Юра тяжело поднялся с высокого стула. На прощанье что есть силы саданул по никелированному боку машины. Расма бросила осуждающий взгляд, мамаша с Павликом вздрогнули. Девушка-кассир хихикнула в тонкую ладошку. Корнишон развалился на угловом диване черной кожи, медленно достал сигарету.
— Ромка, возьми стольник «Абсолюта». Затуши горе старого волка.
Рома со вздохом поплелся к барной стойке. По ледяным бокам рюмки медленно скользнула крохотная капля. Павлуша с мамой подошли к автомату, который мгновенье назад проклинал Корнишон.
— Извините… Он не занят? Мы поиграем? — вежливо обратилась к Юрию дама.
— Он не занят. Занят туалет. И не поиграем, а проиграем. Проигрывайте, проигрывайте… Скоро этот великовозрастный нахлебник-спиногрыз заставит вас побираться в привокзальном переходе.
— Хамло! — резко бросила женщина.
Юра промолчал. Но на ковролин все же сплюнул. Отпив глоток водки, глубоко затянулся.
— Нет, Ромка… Пора бросать эту лудоманию. Слово-то придумали — лу-до-ма-ния. Вот алкаш он и есть алкаш. Наркоман, так и тут все понятно. А то лудомания. От слова «лудить», что ли? Ну да. Лудим, лудим и ни хера не налудим.

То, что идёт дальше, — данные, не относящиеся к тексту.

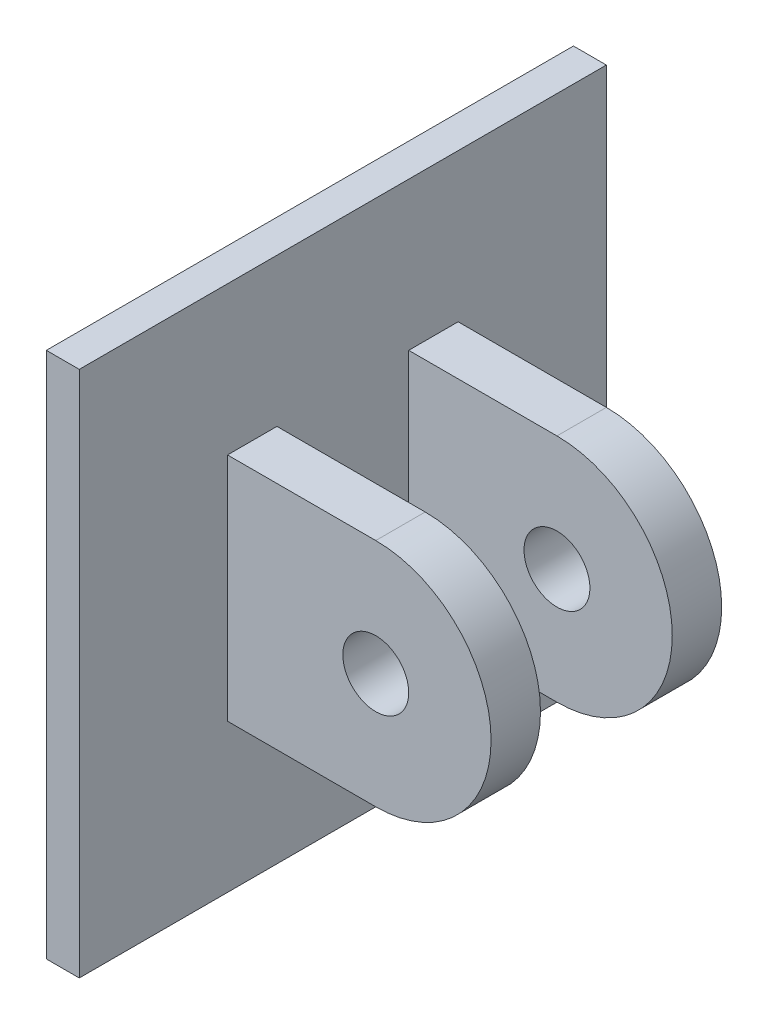
ISO-10303-21;
HEADER;
FILE_DESCRIPTION(('STEP AP214'),'2;1');
FILE_NAME('part.step','',(''),(''),'','','');
FILE_SCHEMA(('AUTOMOTIVE_DESIGN { 1 0 10303 214 1 1 1 1 }'));
ENDSEC;
DATA;
#1=APPLICATION_CONTEXT('core data for automotive mechanical design processes');
#2=APPLICATION_PROTOCOL_DEFINITION('international standard','automotive_design',2000,#1);
#3=PRODUCT_CONTEXT('',#1,'mechanical');
#4=PRODUCT('Part','Part','',(#3));
#5=PRODUCT_RELATED_PRODUCT_CATEGORY('part','',(#4));
#6=PRODUCT_DEFINITION_FORMATION('','',#4);
#7=PRODUCT_DEFINITION_CONTEXT('part definition',#1,'design');
#8=PRODUCT_DEFINITION('design','',#6,#7);
#9=PRODUCT_DEFINITION_SHAPE('','',#8);
#10=(LENGTH_UNIT() NAMED_UNIT(*) SI_UNIT(.MILLI.,.METRE.));
#11=(NAMED_UNIT(*) PLANE_ANGLE_UNIT() SI_UNIT($,.RADIAN.));
#12=(NAMED_UNIT(*) SI_UNIT($,.STERADIAN.) SOLID_ANGLE_UNIT());
#13=UNCERTAINTY_MEASURE_WITH_UNIT(LENGTH_MEASURE(1.E-05),#10,'distance_accuracy_value','');
#14=(GEOMETRIC_REPRESENTATION_CONTEXT(3) GLOBAL_UNCERTAINTY_ASSIGNED_CONTEXT((#13)) GLOBAL_UNIT_ASSIGNED_CONTEXT((#10,
#11,#12)) REPRESENTATION_CONTEXT('',''));
#15=CARTESIAN_POINT('',(0.,0.,0.));
#16=DIRECTION('',(0.,0.,1.));
#17=DIRECTION('',(1.,0.,0.));
#18=AXIS2_PLACEMENT_3D('',#15,#16,#17);
#19=CARTESIAN_POINT('',(57.15,22.225,-12.7));
#20=DIRECTION('',(0.,0.,-1.));
#21=DIRECTION('',(0.,1.,0.));
#22=AXIS2_PLACEMENT_3D('',#19,#20,#21);
#23=PLANE('',#22);
#24=CARTESIAN_POINT('',(34.925,0.,-12.7));
#25=DIRECTION('',(0.,0.,-1.));
#26=DIRECTION('',(0.,1.,0.));
#27=AXIS2_PLACEMENT_3D('',#24,#25,#26);
#28=CIRCLE('',#27,6.35);
#29=CARTESIAN_POINT('',(34.925,6.35,-12.7));
#30=VERTEX_POINT('',#29);
#31=EDGE_CURVE('E185',#30,#30,#28,.T.);
#32=ORIENTED_EDGE('',*,*,#31,.T.);
#33=EDGE_LOOP('',(#32));
#34=FACE_BOUND('',#33,.T.);
#35=DIRECTION('',(-1.,0.,0.));
#36=VECTOR('',#35,1.);
#37=CARTESIAN_POINT('',(57.15,-22.225,-12.7));
#38=LINE('',#37,#36);
#39=CARTESIAN_POINT('',(34.925,-22.225,-12.7));
#40=VERTEX_POINT('',#39);
#41=CARTESIAN_POINT('',(6.35,-22.225,-12.7));
#42=VERTEX_POINT('',#41);
#43=EDGE_CURVE('E191',#40,#42,#38,.T.);
#44=ORIENTED_EDGE('',*,*,#43,.F.);
#45=CARTESIAN_POINT('',(34.925,0.,-12.7));
#46=DIRECTION('',(0.,0.,-1.));
#47=DIRECTION('',(0.,1.,0.));
#48=AXIS2_PLACEMENT_3D('',#45,#46,#47);
#49=CIRCLE('',#48,22.225);
#50=CARTESIAN_POINT('',(34.925,22.225,-12.7));
#51=VERTEX_POINT('',#50);
#52=EDGE_CURVE('E182',#51,#40,#49,.T.);
#53=ORIENTED_EDGE('',*,*,#52,.F.);
#54=DIRECTION('',(-1.,0.,0.));
#55=VECTOR('',#54,1.);
#56=CARTESIAN_POINT('',(57.15,22.225,-12.7));
#57=LINE('',#56,#55);
#58=CARTESIAN_POINT('',(6.35,22.225,-12.7));
#59=VERTEX_POINT('',#58);
#60=EDGE_CURVE('E193',#51,#59,#57,.T.);
#61=ORIENTED_EDGE('',*,*,#60,.T.);
#62=DIRECTION('',(0.,-1.,0.));
#63=VECTOR('',#62,1.);
#64=CARTESIAN_POINT('',(6.35,22.225,-12.7));
#65=LINE('',#64,#63);
#66=EDGE_CURVE('E282',#59,#42,#65,.T.);
#67=ORIENTED_EDGE('',*,*,#66,.T.);
#68=EDGE_LOOP('',(#44,#53,#61,#67));
#69=FACE_BOUND('',#68,.T.);
#70=ADVANCED_FACE('F74',(#34,#69),#23,.F.);
#71=CARTESIAN_POINT('',(57.15,22.225,-22.225));
#72=DIRECTION('',(0.,0.,1.));
#73=DIRECTION('',(0.,-1.,0.));
#74=AXIS2_PLACEMENT_3D('',#71,#72,#73);
#75=PLANE('',#74);
#76=CARTESIAN_POINT('',(34.925,0.,-22.225));
#77=DIRECTION('',(0.,0.,-1.));
#78=DIRECTION('',(0.,1.,0.));
#79=AXIS2_PLACEMENT_3D('',#76,#77,#78);
#80=CIRCLE('',#79,6.35);
#81=CARTESIAN_POINT('',(34.925,6.35000000000001,-22.225));
#82=VERTEX_POINT('',#81);
#83=EDGE_CURVE('E459',#82,#82,#80,.T.);
#84=ORIENTED_EDGE('',*,*,#83,.F.);
#85=EDGE_LOOP('',(#84));
#86=FACE_BOUND('',#85,.T.);
#87=CARTESIAN_POINT('',(34.925,0.,-22.225));
#88=DIRECTION('',(0.,0.,-1.));
#89=DIRECTION('',(0.,1.,0.));
#90=AXIS2_PLACEMENT_3D('',#87,#88,#89);
#91=CIRCLE('',#90,22.225);
#92=CARTESIAN_POINT('',(34.925,22.225,-22.225));
#93=VERTEX_POINT('',#92);
#94=CARTESIAN_POINT('',(34.925,-22.225,-22.225));
#95=VERTEX_POINT('',#94);
#96=EDGE_CURVE('E166',#93,#95,#91,.T.);
#97=ORIENTED_EDGE('',*,*,#96,.T.);
#98=DIRECTION('',(-1.,0.,0.));
#99=VECTOR('',#98,1.);
#100=CARTESIAN_POINT('',(57.15,-22.225,-22.225));
#101=LINE('',#100,#99);
#102=CARTESIAN_POINT('',(6.35,-22.225,-22.225));
#103=VERTEX_POINT('',#102);
#104=EDGE_CURVE('E171',#95,#103,#101,.T.);
#105=ORIENTED_EDGE('',*,*,#104,.T.);
#106=DIRECTION('',(0.,1.,0.));
#107=VECTOR('',#106,1.);
#108=CARTESIAN_POINT('',(6.35,22.225,-22.225));
#109=LINE('',#108,#107);
#110=CARTESIAN_POINT('',(6.35,22.225,-22.225));
#111=VERTEX_POINT('',#110);
#112=EDGE_CURVE('E195',#103,#111,#109,.T.);
#113=ORIENTED_EDGE('',*,*,#112,.T.);
#114=DIRECTION('',(-1.,0.,0.));
#115=VECTOR('',#114,1.);
#116=CARTESIAN_POINT('',(57.15,22.225,-22.225));
#117=LINE('',#116,#115);
#118=EDGE_CURVE('E173',#93,#111,#117,.T.);
#119=ORIENTED_EDGE('',*,*,#118,.F.);
#120=EDGE_LOOP('',(#97,#105,#113,#119));
#121=FACE_BOUND('',#120,.T.);
#122=ADVANCED_FACE('F168',(#86,#121),#75,.F.);
#123=CARTESIAN_POINT('',(57.15,22.225,12.7));
#124=DIRECTION('',(0.,0.,1.));
#125=DIRECTION('',(1.,0.,0.));
#126=AXIS2_PLACEMENT_3D('',#123,#124,#125);
#127=PLANE('',#126);
#128=CARTESIAN_POINT('',(34.925,0.,12.7));
#129=DIRECTION('',(0.,0.,1.));
#130=DIRECTION('',(1.,0.,0.));
#131=AXIS2_PLACEMENT_3D('',#128,#129,#130);
#132=CIRCLE('',#131,6.35);
#133=CARTESIAN_POINT('',(41.275,0.,12.7));
#134=VERTEX_POINT('',#133);
#135=EDGE_CURVE('E458',#134,#134,#132,.T.);
#136=ORIENTED_EDGE('',*,*,#135,.T.);
#137=EDGE_LOOP('',(#136));
#138=FACE_BOUND('',#137,.T.);
#139=CARTESIAN_POINT('',(34.925,0.,12.7));
#140=DIRECTION('',(0.,0.,1.));
#141=DIRECTION('',(1.,0.,0.));
#142=AXIS2_PLACEMENT_3D('',#139,#140,#141);
#143=CIRCLE('',#142,22.225);
#144=CARTESIAN_POINT('',(34.925,-22.225,12.7));
#145=VERTEX_POINT('',#144);
#146=CARTESIAN_POINT('',(34.925,22.225,12.7));
#147=VERTEX_POINT('',#146);
#148=EDGE_CURVE('E295',#145,#147,#143,.T.);
#149=ORIENTED_EDGE('',*,*,#148,.F.);
#150=DIRECTION('',(-1.,0.,0.));
#151=VECTOR('',#150,1.);
#152=CARTESIAN_POINT('',(57.15,-22.225,12.7));
#153=LINE('',#152,#151);
#154=CARTESIAN_POINT('',(6.35,-22.225,12.7));
#155=VERTEX_POINT('',#154);
#156=EDGE_CURVE('E90',#145,#155,#153,.T.);
#157=ORIENTED_EDGE('',*,*,#156,.T.);
#158=DIRECTION('',(0.,1.,0.));
#159=VECTOR('',#158,1.);
#160=CARTESIAN_POINT('',(6.35,22.225,12.7));
#161=LINE('',#160,#159);
#162=CARTESIAN_POINT('',(6.35,22.225,12.7));
#163=VERTEX_POINT('',#162);
#164=EDGE_CURVE('E260',#155,#163,#161,.T.);
#165=ORIENTED_EDGE('',*,*,#164,.T.);
#166=DIRECTION('',(-1.,0.,0.));
#167=VECTOR('',#166,1.);
#168=CARTESIAN_POINT('',(57.15,22.225,12.7));
#169=LINE('',#168,#167);
#170=EDGE_CURVE('E98',#147,#163,#169,.T.);
#171=ORIENTED_EDGE('',*,*,#170,.F.);
#172=EDGE_LOOP('',(#149,#157,#165,#171));
#173=FACE_BOUND('',#172,.T.);
#174=ADVANCED_FACE('F297',(#138,#173),#127,.F.);
#175=CARTESIAN_POINT('',(57.15,22.225,22.225));
#176=DIRECTION('',(0.,0.,-1.));
#177=DIRECTION('',(-1.,0.,0.));
#178=AXIS2_PLACEMENT_3D('',#175,#176,#177);
#179=PLANE('',#178);
#180=CARTESIAN_POINT('',(34.925,0.,22.225));
#181=DIRECTION('',(0.,0.,-1.));
#182=DIRECTION('',(-1.,0.,0.));
#183=AXIS2_PLACEMENT_3D('',#180,#181,#182);
#184=CIRCLE('',#183,6.35);
#185=CARTESIAN_POINT('',(28.575,0.,22.225));
#186=VERTEX_POINT('',#185);
#187=EDGE_CURVE('E78',#186,#186,#184,.T.);
#188=ORIENTED_EDGE('',*,*,#187,.T.);
#189=EDGE_LOOP('',(#188));
#190=FACE_BOUND('',#189,.T.);
#191=DIRECTION('',(-1.,0.,0.));
#192=VECTOR('',#191,1.);
#193=CARTESIAN_POINT('',(57.15,-22.225,22.225));
#194=LINE('',#193,#192);
#195=CARTESIAN_POINT('',(34.925,-22.225,22.225));
#196=VERTEX_POINT('',#195);
#197=CARTESIAN_POINT('',(6.35,-22.225,22.225));
#198=VERTEX_POINT('',#197);
#199=EDGE_CURVE('E267',#196,#198,#194,.T.);
#200=ORIENTED_EDGE('',*,*,#199,.F.);
#201=CARTESIAN_POINT('',(34.925,0.,22.225));
#202=DIRECTION('',(0.,0.,-1.));
#203=DIRECTION('',(-1.,0.,0.));
#204=AXIS2_PLACEMENT_3D('',#201,#202,#203);
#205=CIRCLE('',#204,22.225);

Последние слова Корнишона утонули. Они просто растворились в громком вое сирены. Девушка за кассой закрыла лицо ручками и воскликнула: «О Йезус!» Латыши всегда восклицают о Йезусе. Они кричат о Йезусе, когда забивают гол в ворота сборной Латвии по хоккею, когда в салон заходит стюардесса и объявляет, что, если через пять минут у самолета не выйдет шасси, пассажиры уже никогда не выйдут из того, что останется от самолета. Расма тоже воскликнула: «О Йезус!» Рома ограничился коротким и емким словом «пиздец», которое выражает все, от восторга до боли утраты. Павлуша с идиотским выражением на лице крикнул: «Мамочка! Милая мамочка!» И только лицо Юры Корнишона походило на холодный кусок гранита. Юра резко опрокинул рюмку и начал краснеть. Лицо то багровело, то на нем появлялись какие-то синие всполохи. Наверное, так выглядит северное сияние. Первым нашелся Рома, который начал тыкать в кнопочки мобильного.
Выла сирена рухнувшего джекпота, Рома орал в трубку:
— Алло!!! Срочно выезжайте! Улица Грециниеку, восемь. Юра Корнишон умирает… Нет, не убили… То есть почти убили… Полиция?! Тогда нет! Не выезжайте!
Последние слова Ромы полицию заинтриговали. Неотложка приехала почти одновременно с копами. Охранник делал Юре искусственное дыхание. Медики споро положили Корнишона на носилки и сказали расстроенному Роме, что жить Юрий будет. Плакала Расма, Павлуша спрашивал у мамы, что они будут делать с таким выигрышем, Роме несли большой стакан виски со льдом.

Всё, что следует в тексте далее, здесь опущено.